Case study: COVID-19 impact on global health and wellbeing
The COVID-19 pandemic demonstrated the critical importance of health and wellbeing as a global resource. According to a joint statement by the International Labour Organization (ILO), Food and Agriculture Organization (FAO), International Fund for Agricultural Development (IFAD), and World Health Organization (WHO) in October 2020:
Health and economic impacts:
- The pandemic led to dramatic loss of human life worldwide
- Presented an unprecedented challenge to public health, food systems, and employment
- Tens of millions of people faced risk of extreme poverty
- The number of undernourished people (estimated at 690 million) could increase by up to 132 million
- Nearly half of the world's 3.3 billion global workforce risked losing their livelihoods
Particularly vulnerable populations:
- Informal economy workers lacked social protection and quality healthcare access
- Agricultural workers faced high levels of working poverty, malnutrition, and poor health
- Migrant agricultural workers struggled to access government support
- Women, over-represented in low-paid jobs and care roles
- Youth and older workers
- Small-scale farmers and indigenous peoples
Food system disruption:
- Border closures and trade restrictions prevented farmers from accessing markets
- Agricultural workers could not harvest crops
- Domestic and international food supply chains were disrupted
- Access to healthy, safe, and diverse diets was reduced
- For many people, no income meant no food or less nutritious food
Need for global solidarity: The joint statement emphasised that only through global solidarity and support, especially for the most vulnerable populations, can the world overcome the intertwined health, social, and economic impacts of the pandemic and prevent escalation into a protracted humanitarian and food security catastrophe.
Remember!
Key Points to Remember:
-
Health and wellbeing functions as a resource that enables people to pursue their aspirations, satisfy needs, and manage their environment, rather than being merely an end goal in itself.
-
For individuals, optimal health and wellbeing creates a positive cycle where good health enables participation in health-promoting activities (work, exercise, social connections), which further improves health.
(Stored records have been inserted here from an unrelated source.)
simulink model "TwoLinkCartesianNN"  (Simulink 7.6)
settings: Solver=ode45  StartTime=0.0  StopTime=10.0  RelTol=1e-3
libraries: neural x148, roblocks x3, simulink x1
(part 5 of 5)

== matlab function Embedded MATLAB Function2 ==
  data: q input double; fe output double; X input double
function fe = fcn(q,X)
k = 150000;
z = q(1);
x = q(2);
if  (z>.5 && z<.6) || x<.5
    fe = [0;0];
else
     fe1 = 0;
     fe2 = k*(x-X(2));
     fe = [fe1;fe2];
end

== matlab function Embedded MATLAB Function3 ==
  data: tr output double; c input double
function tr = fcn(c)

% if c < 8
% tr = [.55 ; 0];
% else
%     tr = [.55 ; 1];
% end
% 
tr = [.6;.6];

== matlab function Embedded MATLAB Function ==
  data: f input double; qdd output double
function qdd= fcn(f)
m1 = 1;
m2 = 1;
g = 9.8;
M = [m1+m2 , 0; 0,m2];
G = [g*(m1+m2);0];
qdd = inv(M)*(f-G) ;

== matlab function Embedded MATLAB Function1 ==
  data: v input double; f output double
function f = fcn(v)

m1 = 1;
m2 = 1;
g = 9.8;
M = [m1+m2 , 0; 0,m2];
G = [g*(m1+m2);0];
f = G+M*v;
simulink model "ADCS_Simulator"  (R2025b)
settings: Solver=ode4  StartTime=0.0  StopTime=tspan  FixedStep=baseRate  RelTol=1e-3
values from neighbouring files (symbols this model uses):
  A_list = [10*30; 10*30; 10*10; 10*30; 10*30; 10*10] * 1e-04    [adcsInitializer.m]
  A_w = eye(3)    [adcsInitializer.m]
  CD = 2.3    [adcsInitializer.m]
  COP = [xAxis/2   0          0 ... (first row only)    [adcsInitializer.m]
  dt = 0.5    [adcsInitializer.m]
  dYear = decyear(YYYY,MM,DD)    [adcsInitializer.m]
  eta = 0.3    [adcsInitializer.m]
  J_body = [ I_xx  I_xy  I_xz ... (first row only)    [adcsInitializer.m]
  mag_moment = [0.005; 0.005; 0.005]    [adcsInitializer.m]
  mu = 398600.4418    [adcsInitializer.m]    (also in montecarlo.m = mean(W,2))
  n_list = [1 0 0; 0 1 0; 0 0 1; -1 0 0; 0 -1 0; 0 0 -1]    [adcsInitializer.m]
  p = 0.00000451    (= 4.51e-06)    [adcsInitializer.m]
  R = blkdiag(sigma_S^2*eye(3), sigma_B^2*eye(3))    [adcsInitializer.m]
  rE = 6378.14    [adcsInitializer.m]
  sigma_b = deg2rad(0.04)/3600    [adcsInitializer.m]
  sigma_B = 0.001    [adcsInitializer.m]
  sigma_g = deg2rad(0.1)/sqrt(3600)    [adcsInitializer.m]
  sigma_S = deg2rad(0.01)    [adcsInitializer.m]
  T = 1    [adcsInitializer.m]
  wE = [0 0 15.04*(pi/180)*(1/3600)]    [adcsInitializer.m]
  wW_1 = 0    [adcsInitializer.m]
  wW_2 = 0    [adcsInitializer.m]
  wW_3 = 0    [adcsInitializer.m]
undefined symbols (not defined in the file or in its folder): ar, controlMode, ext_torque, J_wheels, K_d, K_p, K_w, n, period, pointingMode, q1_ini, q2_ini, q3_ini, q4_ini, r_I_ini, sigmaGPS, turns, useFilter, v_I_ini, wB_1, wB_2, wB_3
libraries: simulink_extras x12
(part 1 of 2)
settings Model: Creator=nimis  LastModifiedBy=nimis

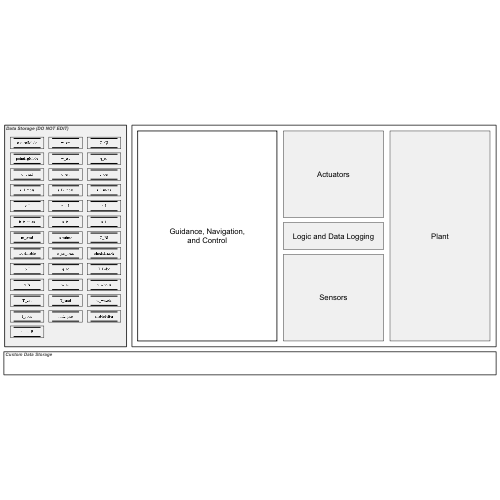
[thumbnail: Simulink's stored preview of the top-level diagram]
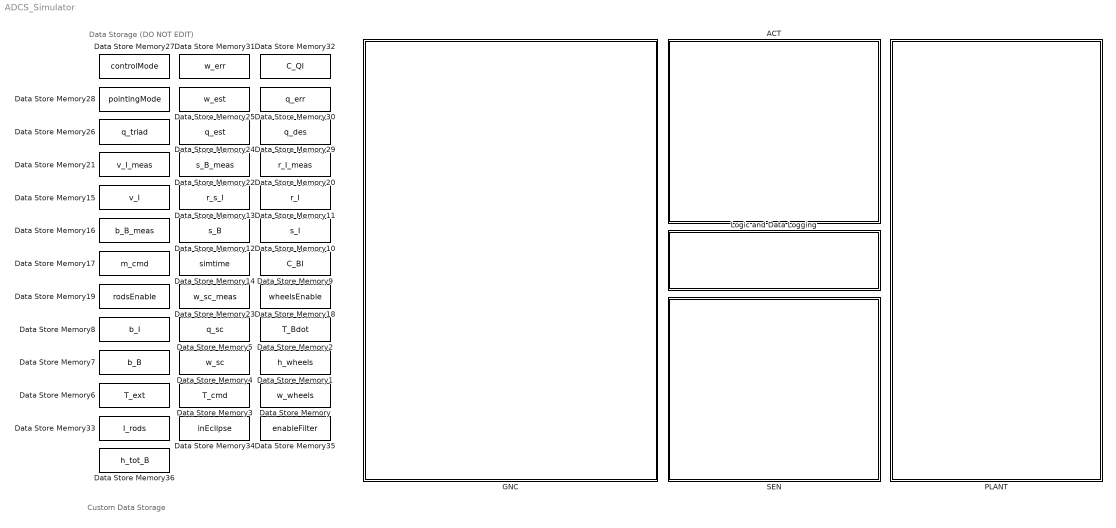
== system ADCS_Simulator ==
  note: Custom Data Storage
  note: Data Storage (DO NOT EDIT)
  ACT : Subsystem
      mask Display: disp('Actuators');
  Data Store Memory : DataStoreMemory  DataStoreName=w_wheels  WriteAfterWriteMsg=warning  InitialValue=[0;0;0]  ShowAdditionalParam=off
  Data Store Memory1 : DataStoreMemory  DataStoreName=h_wheels  WriteAfterWriteMsg=warning  InitialValue=[0;0;0]  ShowAdditionalParam=off
  Data Store Memory10 : DataStoreMemory  DataStoreName=s_I  WriteAfterWriteMsg=warning  InitialValue=[0;0;0]  ShowAdditionalParam=off
  Data Store Memory11 : DataStoreMemory  DataStoreName=r_I  WriteAfterWriteMsg=warning  InitialValue=r_I_ini  ShowAdditionalParam=off
  Data Store Memory12 : DataStoreMemory  DataStoreName=s_B  WriteAfterWriteMsg=warning  InitialValue=[0;0;0]  ShowAdditionalParam=off
  Data Store Memory13 : DataStoreMemory  DataStoreName=r_s_I  WriteAfterWriteMsg=warning  InitialValue=[0;0;0]  ShowAdditionalParam=off
  Data Store Memory14 : DataStoreMemory  DataStoreName=simtime  WriteAfterWriteMsg=warning  ShowAdditionalParam=off
  Data Store Memory15 : DataStoreMemory  DataStoreName=v_I  WriteAfterWriteMsg=warning  InitialValue=v_I_ini  ShowAdditionalParam=off
  Data Store Memory16 : DataStoreMemory  DataStoreName=b_B_meas  WriteAfterWriteMsg=warning  InitialValue=[0;0;0]  ShowAdditionalParam=off
  Data Store Memory17 : DataStoreMemory  DataStoreName=m_cmd  WriteAfterWriteMsg=warning  InitialValue=[0;0;0]  ShowAdditionalParam=off
  Data Store Memory18 : DataStoreMemory  DataStoreName=wheelsEnable  WriteAfterWriteMsg=warning  ShowAdditionalParam=off
  Data Store Memory19 : DataStoreMemory  DataStoreName=rodsEnable  WriteAfterWriteMsg=warning  InitialValue=1  ShowAdditionalParam=off
  Data Store Memory2 : DataStoreMemory  DataStoreName=T_Bdot  WriteAfterWriteMsg=warning  InitialValue=[0;0;0]  ShowAdditionalParam=off
  Data Store Memory20 : DataStoreMemory  DataStoreName=r_I_meas  WriteAfterWriteMsg=warning  InitialValue=r_I_ini  ShowAdditionalParam=off
  Data Store Memory21 : DataStoreMemory  DataStoreName=v_I_meas  WriteAfterWriteMsg=warning  InitialValue=v_I_ini  ShowAdditionalParam=off
  Data Store Memory22 : DataStoreMemory  DataStoreName=s_B_meas  WriteAfterWriteMsg=warning  InitialValue=[0;0;0]  ShowAdditionalParam=off
  Data Store Memory23 : DataStoreMemory  DataStoreName=w_sc_meas  WriteAfterWriteMsg=warning  InitialValue=[wB_1; wB_2; wB_3]*(pi/180)  ShowAdditionalParam=off
  Data Store Memory24 : DataStoreMemory  DataStoreName=q_est  WriteAfterWriteMsg=warning  InitialValue=[q1_ini; q2_ini; q3_ini; q4_ini]  ShowAdditionalParam=off
  Data Store Memory25 : DataStoreMemory  DataStoreName=w_est  WriteAfterWriteMsg=warning  InitialValue=[wB_1; wB_2; wB_3]*(pi/180)  ShowAdditionalParam=off
  Data Store Memory26 : DataStoreMemory  DataStoreName=q_triad  WriteAfterWriteMsg=warning  InitialValue=[q1_ini; q2_ini; q3_ini; q4_ini]  ShowAdditionalParam=off
  Data Store Memory27 : DataStoreMemory  DataStoreName=controlMode  WriteAfterWriteMsg=warning  InitialValue=controlMode  ShowAdditionalParam=off
  Data Store Memory28 : DataStoreMemory  DataStoreName=pointingMode  WriteAfterWriteMsg=warning  InitialValue=pointingMode  ShowAdditionalParam=off
  Data Store Memory29 : DataStoreMemory  DataStoreName=q_des  WriteAfterWriteMsg=warning  InitialValue=[0;0;0;0]  ShowAdditionalParam=off
  Data Store Memory3 : DataStoreMemory  DataStoreName=T_cmd  WriteAfterWriteMsg=warning  InitialValue=[0;0;0]  ShowAdditionalParam=off
  Data Store Memory30 : DataStoreMemory  DataStoreName=q_err  WriteAfterWriteMsg=warning  InitialValue=[0;0;0;1]  ShowAdditionalParam=off
  Data Store Memory31 : DataStoreMemory  DataStoreName=w_err  WriteAfterWriteMsg=warning  InitialValue=[0;0;0]  ShowAdditionalParam=off
  Data Store Memory32 : DataStoreMemory  DataStoreName=C_QI  WriteAfterWriteMsg=warning  InitialValue=eye(3)  ShowAdditionalParam=off
  Data Store Memory33 : DataStoreMemory  DataStoreName=I_rods  WriteAfterWriteMsg=warning  InitialValue=[0;0;0]  ShowAdditionalParam=off
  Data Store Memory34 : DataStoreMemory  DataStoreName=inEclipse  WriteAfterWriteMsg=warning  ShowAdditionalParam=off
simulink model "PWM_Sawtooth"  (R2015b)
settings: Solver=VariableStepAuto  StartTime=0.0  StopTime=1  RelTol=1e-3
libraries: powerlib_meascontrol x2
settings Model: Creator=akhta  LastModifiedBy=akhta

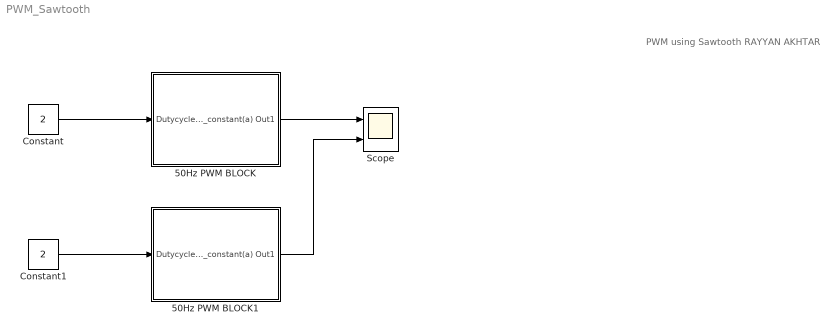
== system PWM_Sawtooth ==
  note: PWM using Sawtooth
      |
      | RAYYAN AKHTAR
  50Hz PWM BLOCK : Subsystem
  50Hz PWM BLOCK1 : Subsystem
  Constant : Constant  Value=2
  Constant1 : Constant  Value=2
  Scope : Scope  NumInputPorts=2
  wires:
  Constant/1 -> 50Hz PWM BLOCK/1(Dutycycle_constant(a))
  50Hz PWM BLOCK/1(Out1) -> Scope/1
  Constant1/1 -> 50Hz PWM BLOCK1/1(Dutycycle_constant(a))
  50Hz PWM BLOCK1/1(Out1) -> Scope/2

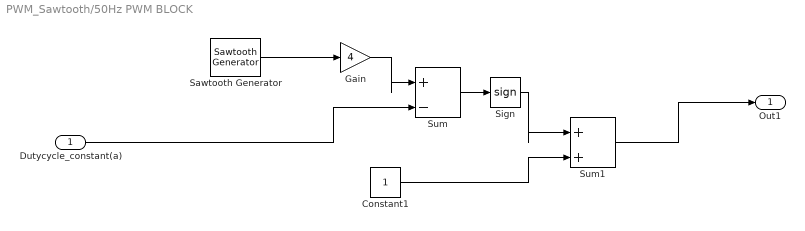
== system PWM_Sawtooth/50Hz PWM BLOCK ==
  Dutycycle_constant(a) : Inport
  Constant1 : Constant
  Gain : Gain  Gain=4
  Sawtooth Generator : powerlib_meascontrol/Pulse & Signal Generators/Sawtooth Generator  Freq=25e3  Phase=0  Ts=0
  Sign : Signum
  Sum : Sum  Inputs=|+-
  Sum1 : Sum  Inputs=|++
  Out1 : Outport
  wires:
  Sum1/1 -> Out1/1
  Gain/1 -> Sum/1
  Sign/1 -> Sum1/1
  Constant1/1 -> Sum1/2
  Sum/1 -> Sign/1
  Sawtooth Generator/1 -> Gain/1
  Dutycycle_constant(a)/1 -> Sum/2

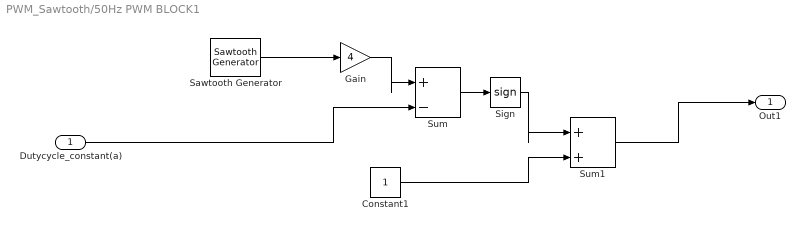
== system PWM_Sawtooth/50Hz PWM BLOCK1 ==
  Dutycycle_constant(a) : Inport
  Constant1 : Constant
  Gain : Gain  Gain=4
  Sawtooth Generator : powerlib_meascontrol/Pulse & Signal Generators/Sawtooth Generator  Freq=25e3  Phase=-90  Ts=0
  Sign : Signum
  Sum : Sum  Inputs=|+-
  Sum1 : Sum  Inputs=|++
  Out1 : Outport
  wires:
  Sum1/1 -> Out1/1
  Gain/1 -> Sum/1
  Sign/1 -> Sum1/1
  Constant1/1 -> Sum1/2
  Sum/1 -> Sign/1
  Sawtooth Generator/1 -> Gain/1
  Dutycycle_constant(a)/1 -> Sum/2

It also reduces personal healthcare costs, freeing resources for education, housing, and leisure.
-
For nations, optimal health provides economic benefits (3x greater productivity for healthy workers, 9x fewer sick days, savings from $195 billion annual healthcare costs) and social benefits (longer lives, reduced stress, increased community participation, intergenerational advantages).
-
For the global community, optimal health reduces pandemic risks that can cost up to 4.5% of global GDP (as COVID-19 demonstrated with 2 million deaths), promotes peace and security by ensuring populations can access necessary resources, supports environmental sustainability, and enables productive international trade that funds essential services in developing countries.
-
Communicable diseases spread through direct contact (touch, sexual intercourse, coughing, human waste) and indirect contact (water, food, blood, vectors like mosquitoes), making global health security increasingly important in our interconnected world where disease outbreaks have steadily increased over the past 30 years.